#### Exercise details:
Work out how many lines of the data contain "dimexe" and reply with that number alone.

○ ○ ○ ○

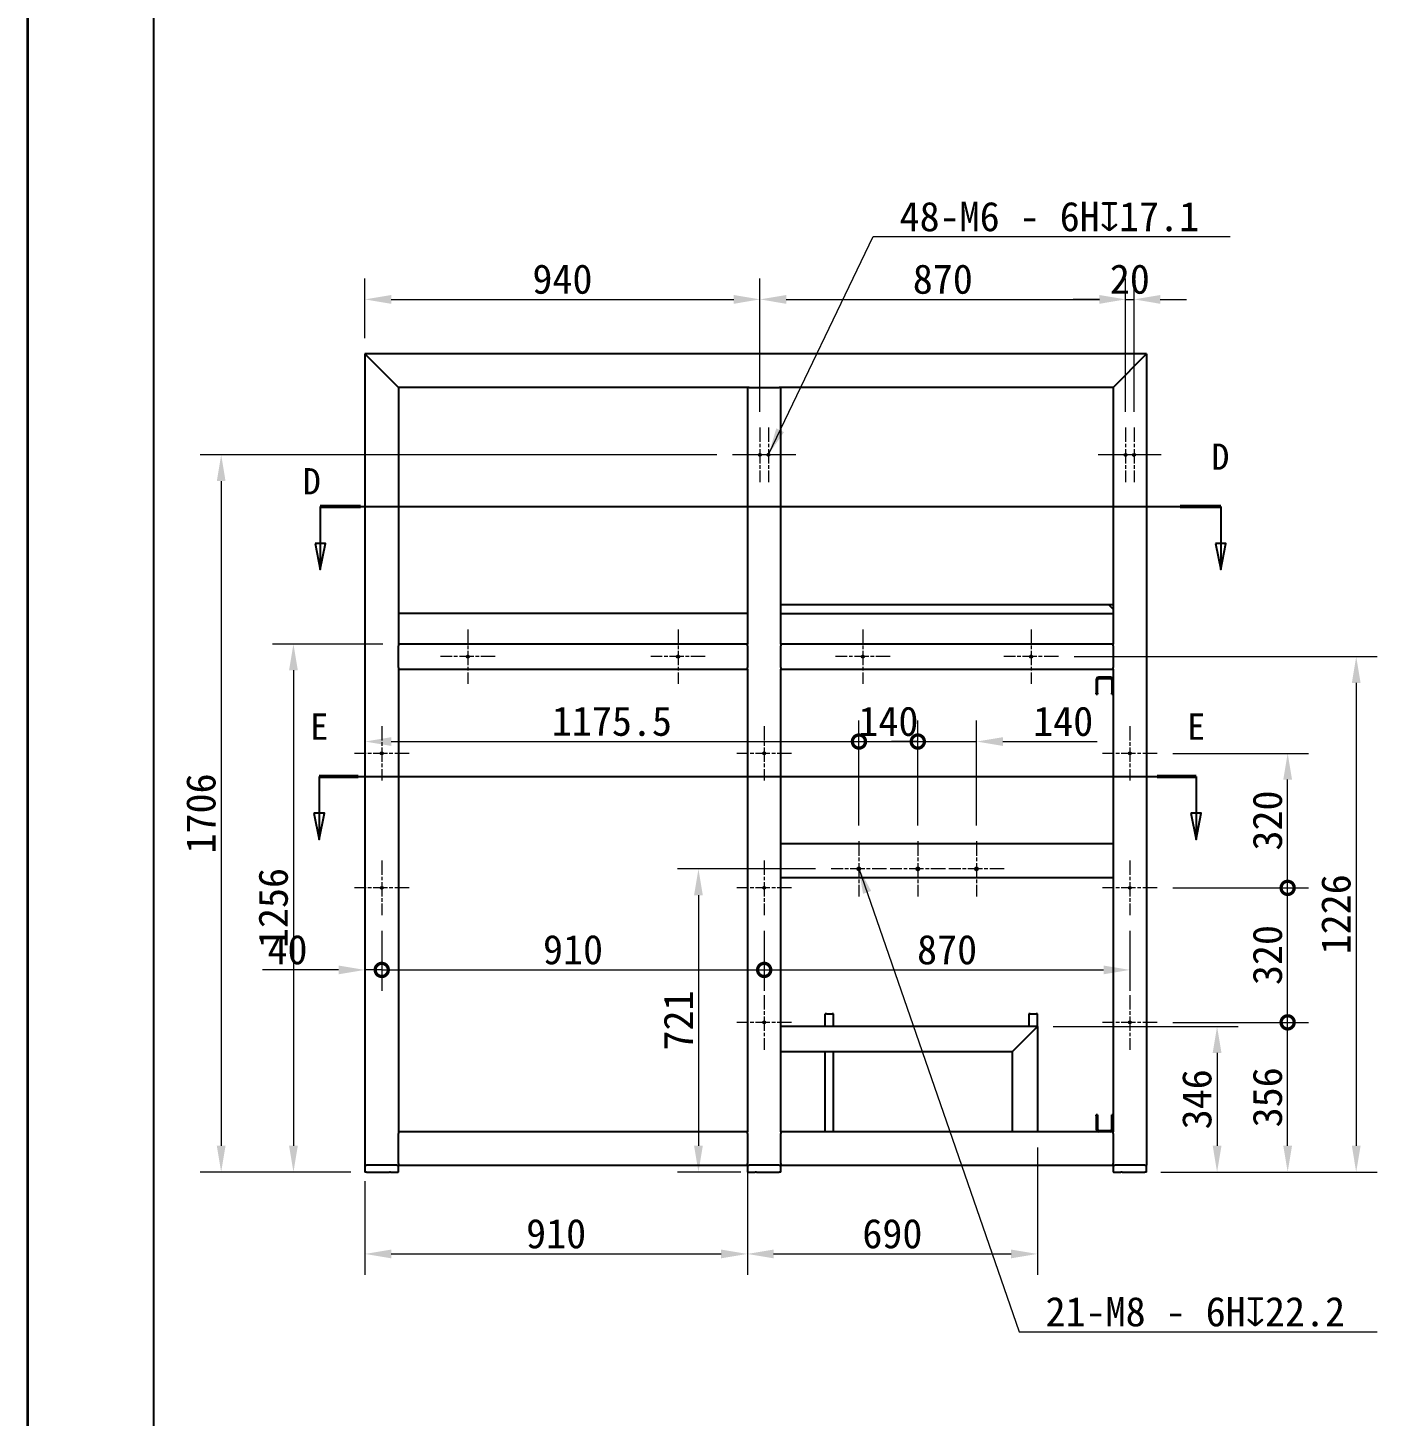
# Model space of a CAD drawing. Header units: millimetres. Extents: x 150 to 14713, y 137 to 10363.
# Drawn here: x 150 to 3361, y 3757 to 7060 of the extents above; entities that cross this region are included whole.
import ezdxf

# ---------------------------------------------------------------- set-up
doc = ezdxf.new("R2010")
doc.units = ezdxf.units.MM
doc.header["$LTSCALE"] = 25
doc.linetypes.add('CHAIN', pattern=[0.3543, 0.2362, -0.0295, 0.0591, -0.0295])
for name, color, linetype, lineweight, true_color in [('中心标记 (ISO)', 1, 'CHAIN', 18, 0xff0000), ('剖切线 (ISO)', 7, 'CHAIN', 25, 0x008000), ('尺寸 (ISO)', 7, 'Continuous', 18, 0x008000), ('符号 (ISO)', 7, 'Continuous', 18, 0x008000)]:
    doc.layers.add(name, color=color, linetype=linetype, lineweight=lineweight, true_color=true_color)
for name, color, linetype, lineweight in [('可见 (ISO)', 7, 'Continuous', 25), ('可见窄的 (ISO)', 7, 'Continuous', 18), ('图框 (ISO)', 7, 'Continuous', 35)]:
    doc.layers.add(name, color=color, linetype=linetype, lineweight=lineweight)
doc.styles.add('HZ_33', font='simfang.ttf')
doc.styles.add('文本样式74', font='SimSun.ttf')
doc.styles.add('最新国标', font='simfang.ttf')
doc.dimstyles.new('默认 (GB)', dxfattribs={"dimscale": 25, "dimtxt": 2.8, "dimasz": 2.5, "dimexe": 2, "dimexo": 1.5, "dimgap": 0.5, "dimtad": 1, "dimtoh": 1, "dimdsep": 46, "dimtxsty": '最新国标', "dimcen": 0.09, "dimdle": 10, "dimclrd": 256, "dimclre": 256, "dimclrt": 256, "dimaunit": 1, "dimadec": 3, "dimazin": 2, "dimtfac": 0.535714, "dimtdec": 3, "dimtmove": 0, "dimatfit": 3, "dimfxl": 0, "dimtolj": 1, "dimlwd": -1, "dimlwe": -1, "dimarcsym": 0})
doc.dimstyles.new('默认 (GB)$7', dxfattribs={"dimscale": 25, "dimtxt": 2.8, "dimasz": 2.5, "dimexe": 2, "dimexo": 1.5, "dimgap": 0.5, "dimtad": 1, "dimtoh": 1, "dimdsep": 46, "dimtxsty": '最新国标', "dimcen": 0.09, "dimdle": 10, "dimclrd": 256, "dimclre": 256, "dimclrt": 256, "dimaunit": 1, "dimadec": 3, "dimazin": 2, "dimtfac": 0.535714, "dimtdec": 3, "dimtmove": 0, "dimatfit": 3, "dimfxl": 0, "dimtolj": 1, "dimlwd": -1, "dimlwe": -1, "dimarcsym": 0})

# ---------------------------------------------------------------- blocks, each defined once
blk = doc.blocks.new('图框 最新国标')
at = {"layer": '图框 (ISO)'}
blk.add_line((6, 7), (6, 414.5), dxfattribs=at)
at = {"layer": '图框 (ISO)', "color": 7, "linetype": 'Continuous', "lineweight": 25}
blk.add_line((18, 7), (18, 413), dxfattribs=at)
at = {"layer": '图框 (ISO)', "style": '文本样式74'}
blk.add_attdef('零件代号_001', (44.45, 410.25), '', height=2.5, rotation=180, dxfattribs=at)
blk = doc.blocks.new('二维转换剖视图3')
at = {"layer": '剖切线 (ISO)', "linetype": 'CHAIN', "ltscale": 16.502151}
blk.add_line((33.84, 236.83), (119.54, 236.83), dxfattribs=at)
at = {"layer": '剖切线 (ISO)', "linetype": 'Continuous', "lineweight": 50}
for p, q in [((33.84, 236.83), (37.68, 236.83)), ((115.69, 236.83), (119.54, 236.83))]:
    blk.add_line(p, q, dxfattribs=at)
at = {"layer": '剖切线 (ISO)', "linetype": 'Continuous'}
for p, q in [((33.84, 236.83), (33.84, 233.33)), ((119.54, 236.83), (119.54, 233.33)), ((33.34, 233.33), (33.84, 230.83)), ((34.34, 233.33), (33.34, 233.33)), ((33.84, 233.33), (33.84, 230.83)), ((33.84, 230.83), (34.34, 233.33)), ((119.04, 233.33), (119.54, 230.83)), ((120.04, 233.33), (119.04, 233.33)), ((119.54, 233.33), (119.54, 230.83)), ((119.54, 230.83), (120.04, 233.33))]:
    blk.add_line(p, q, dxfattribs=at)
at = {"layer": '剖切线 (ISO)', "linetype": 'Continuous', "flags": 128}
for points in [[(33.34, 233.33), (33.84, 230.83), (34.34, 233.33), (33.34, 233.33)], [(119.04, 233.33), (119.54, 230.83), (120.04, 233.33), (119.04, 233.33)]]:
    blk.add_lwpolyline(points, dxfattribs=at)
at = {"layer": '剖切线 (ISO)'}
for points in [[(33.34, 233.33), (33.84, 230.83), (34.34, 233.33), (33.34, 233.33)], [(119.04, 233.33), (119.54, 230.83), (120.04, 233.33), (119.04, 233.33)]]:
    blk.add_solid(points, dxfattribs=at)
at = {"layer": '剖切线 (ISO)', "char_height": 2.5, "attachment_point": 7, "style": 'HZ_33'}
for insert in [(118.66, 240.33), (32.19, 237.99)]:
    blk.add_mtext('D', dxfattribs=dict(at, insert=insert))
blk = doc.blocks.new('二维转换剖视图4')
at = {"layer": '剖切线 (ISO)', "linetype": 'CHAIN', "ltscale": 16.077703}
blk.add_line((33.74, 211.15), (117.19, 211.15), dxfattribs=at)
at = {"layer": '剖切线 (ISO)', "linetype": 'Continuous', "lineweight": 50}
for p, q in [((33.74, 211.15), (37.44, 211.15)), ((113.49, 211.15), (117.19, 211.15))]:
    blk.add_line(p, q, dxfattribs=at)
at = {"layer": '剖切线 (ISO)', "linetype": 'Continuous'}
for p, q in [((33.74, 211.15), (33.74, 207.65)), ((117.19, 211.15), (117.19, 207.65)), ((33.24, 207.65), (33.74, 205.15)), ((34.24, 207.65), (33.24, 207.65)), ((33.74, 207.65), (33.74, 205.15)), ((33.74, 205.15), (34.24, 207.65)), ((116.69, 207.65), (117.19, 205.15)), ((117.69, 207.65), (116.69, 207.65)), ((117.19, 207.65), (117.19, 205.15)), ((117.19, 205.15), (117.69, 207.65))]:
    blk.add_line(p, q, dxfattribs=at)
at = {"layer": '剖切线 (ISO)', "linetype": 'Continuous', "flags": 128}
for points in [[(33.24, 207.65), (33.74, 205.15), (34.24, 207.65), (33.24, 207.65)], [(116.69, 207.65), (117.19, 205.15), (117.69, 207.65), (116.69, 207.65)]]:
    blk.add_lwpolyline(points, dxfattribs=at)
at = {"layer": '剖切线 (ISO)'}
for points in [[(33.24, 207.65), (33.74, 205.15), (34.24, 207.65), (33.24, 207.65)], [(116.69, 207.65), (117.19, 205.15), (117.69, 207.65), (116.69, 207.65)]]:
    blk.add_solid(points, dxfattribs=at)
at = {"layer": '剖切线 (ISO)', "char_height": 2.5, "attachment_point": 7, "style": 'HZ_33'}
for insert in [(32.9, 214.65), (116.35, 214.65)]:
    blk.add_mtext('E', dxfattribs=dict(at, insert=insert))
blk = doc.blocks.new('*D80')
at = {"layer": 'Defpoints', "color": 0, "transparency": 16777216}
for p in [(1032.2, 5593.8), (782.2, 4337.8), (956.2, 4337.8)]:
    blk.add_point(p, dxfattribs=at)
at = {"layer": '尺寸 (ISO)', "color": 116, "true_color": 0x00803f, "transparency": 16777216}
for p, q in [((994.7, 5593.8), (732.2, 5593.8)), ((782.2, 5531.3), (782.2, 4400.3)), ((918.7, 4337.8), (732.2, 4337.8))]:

○ ○ ○ ○

#### Answer to this exercise:
2